Problem to work on
Output only the line that contains "line L1 (150.1944, -47.8735)" and the lines after it, all verbatim, through the last one below.

Source records:
_ _ _ _ _
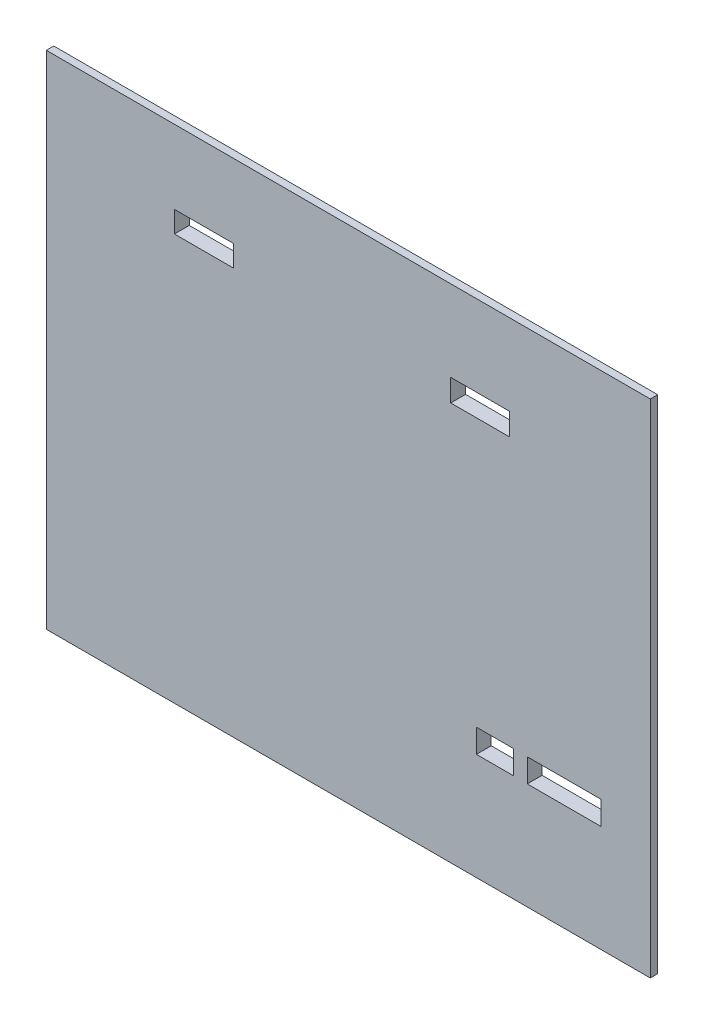
SolidWorks part; units mm, degrees
ref_plane "Front Plane" through (0, 0, 0) normal (0, 0, 1) x (1, 0, 0)
ref_plane "Top Plane" through (0, 0, 0) normal (0, 1, 0) x (1, 0, 0)
ref_plane "Right Plane" through (0, 0, 0) normal (1, 0, 0) x (0, 0, -1)
sketch "Sketch1" plane through (0, 0, 0) normal (0, 0, 1) x (1, 0, 0)
  line L1 (190.5, -31.5) -> (68.5, -31.5)
  line L2 (190.5, -31.5) -> (190.5, -132.8)
  line L3 (190.5, -132.8) -> (68.5, -132.8)
  line L4 (68.5, -31.5) -> (68.5, -132.8)
extrude "Boss-Extrude1" add sketch "Sketch1" along normal blind 3
sketch "Sketch2" plane through (190.5, 0, 0) normal (1, 0, 0) x (0, 0, -1)
  line L1 (0, -132.8) -> (-1.5, -132.8)
  line L2 (0, -132.8) -> (0, -130.7)
  line L3 (0, -130.7) -> (-1.5, -130.7)
  line L4 (-1.5, -132.8) -> (-1.5, -130.7)
  dimension "D1" = 1.5
  dimension "D2" = 2.1
extrude "Cut-Extrude2" cut sketch "Sketch2" against normal blind 130
sketch "Sketch3" plane through (190.5, 0, 0) normal (1, 0, 0) x (0, 0, -1)
  line L1 (0, -31.5) -> (-1.5, -31.5)
  line L2 (0, -31.5) -> (0, -33.6)
  line L3 (0, -33.6) -> (-1.5, -33.6)
  line L4 (-1.5, -31.5) -> (-1.5, -33.6)
  dimension "D1" = 1.5
  dimension "D2" = 2.1
extrude "Cut-Extrude3" cut sketch "Sketch3" against normal blind 123
sketch "Sketch4" plane through (0, -31.5, 0) normal (0, 1, 0) x (1, 0, 0)
  line L0 (68.5, -1.5) -> (190.5, -1.5) construction
  line L1 (68.5, 0) -> (70.6, 0)
  line L2 (68.5, 0) -> (68.5, -1.5)
  line L3 (68.5, -1.5) -> (70.6, -1.5)
  line L4 (70.6, 0) -> (70.6, -1.5)
  dimension "D1" = 1.5
  dimension "D2" = 2.1
extrude "Cut-Extrude4" cut sketch "Sketch4" against normal blind 123
sketch "Sketch5" plane through (0, -31.5, 0) normal (0, 1, 0) x (1, 0, 0)
  line L0 (68.5, -1.5) -> (190.5, -1.5) construction
  line L1 (190.5, 0) -> (188.4, 0)
  line L2 (190.5, 0) -> (190.5, -1.5)
  line L3 (190.5, -1.5) -> (188.4, -1.5)
  line L4 (188.4, 0) -> (188.4, -1.5)
  dimension "D1" = 1.5
  dimension "D2" = 2.1
extrude "Cut-Extrude5" cut sketch "Sketch5" against normal blind 123
sketch "Sketch6" plane through (0, 0, 3) normal (0, 0, 1) x (1, 0, 0)
  line L1 (165.6544, -106.5124) -> (180.5938, -106.5124)
  line L2 (165.6544, -106.5124) -> (165.6544, -111.2658)
  line L3 (165.6544, -111.2658) -> (180.5938, -111.2658)
  line L4 (180.5938, -106.5124) -> (180.5938, -111.2658)
sketch "Sketch7" plane through (0, 0, 3) normal (0, 0, 1) x (1, 0, 0)
  line L0 (162.875, -113.1) -> (162.875, -110.8) construction
  line L1 (162.875, -111.2337) -> (155.3772, -111.2337)
  line L2 (162.875, -111.2337) -> (162.875, -106.4742)
  line L3 (162.875, -106.4742) -> (155.3772, -106.4742)
  line L4 (155.3772, -111.2337) -> (155.3772, -106.4742)
  point P6 (162.875, -106.4742)
extrude "Cut-Extrude6" cut sketch "Sketch7" against normal blind 5
sketch "Sketch8" plane through (0, 0, 3) normal (0, 0, 1) x (1, 0, 0)
  line L1 (150.1944, -47.8735) -> (162.0433, -47.8735)
  line L2 (150.1944, -47.8735) -> (150.1944, -52.3497)
  line L3 (150.1944, -52.3497) -> (162.0433, -52.3497)
  line L4 (162.0433, -47.8735) -> (162.0433, -52.3497)
extrude "Cut-Extrude7" cut sketch "Sketch8" against normal blind 5
sketch "Sketch9" plane through (0, 0, 3) normal (0, 0, 1) x (1, 0, 0)
  line L0 (94.2574, -46.392) -> (94.4974, -46.392) construction
  line L1 (94.3774, -46.392) -> (106.2887, -46.392)
  line L2 (94.3774, -46.392) -> (94.3774, -50.7001)
  line L3 (94.3774, -50.7001) -> (106.2887, -50.7001)
  line L4 (106.2887, -46.392) -> (106.2887, -50.7001)
extrude "Cut-Extrude8" cut sketch "Sketch9" against normal blind 5
extrude "Cut-Extrude9" cut sketch "Sketch6" against normal blind 5
_ _ _ _ _
Task output
  line L1 (150.1944, -47.8735) -> (162.0433, -47.8735)
  line L2 (150.1944, -47.8735) -> (150.1944, -52.3497)
  line L3 (150.1944, -52.3497) -> (162.0433, -52.3497)
  line L4 (162.0433, -47.8735) -> (162.0433, -52.3497)
extrude "Cut-Extrude7" cut sketch "Sketch8" against normal blind 5
sketch "Sketch9" plane through (0, 0, 3) normal (0, 0, 1) x (1, 0, 0)
  line L0 (94.2574, -46.392) -> (94.4974, -46.392) construction
  line L1 (94.3774, -46.392) -> (106.2887, -46.392)
  line L2 (94.3774, -46.392) -> (94.3774, -50.7001)
  line L3 (94.3774, -50.7001) -> (106.2887, -50.7001)
  line L4 (106.2887, -46.392) -> (106.2887, -50.7001)
extrude "Cut-Extrude8" cut sketch "Sketch9" against normal blind 5
extrude "Cut-Extrude9" cut sketch "Sketch6" against normal blind 5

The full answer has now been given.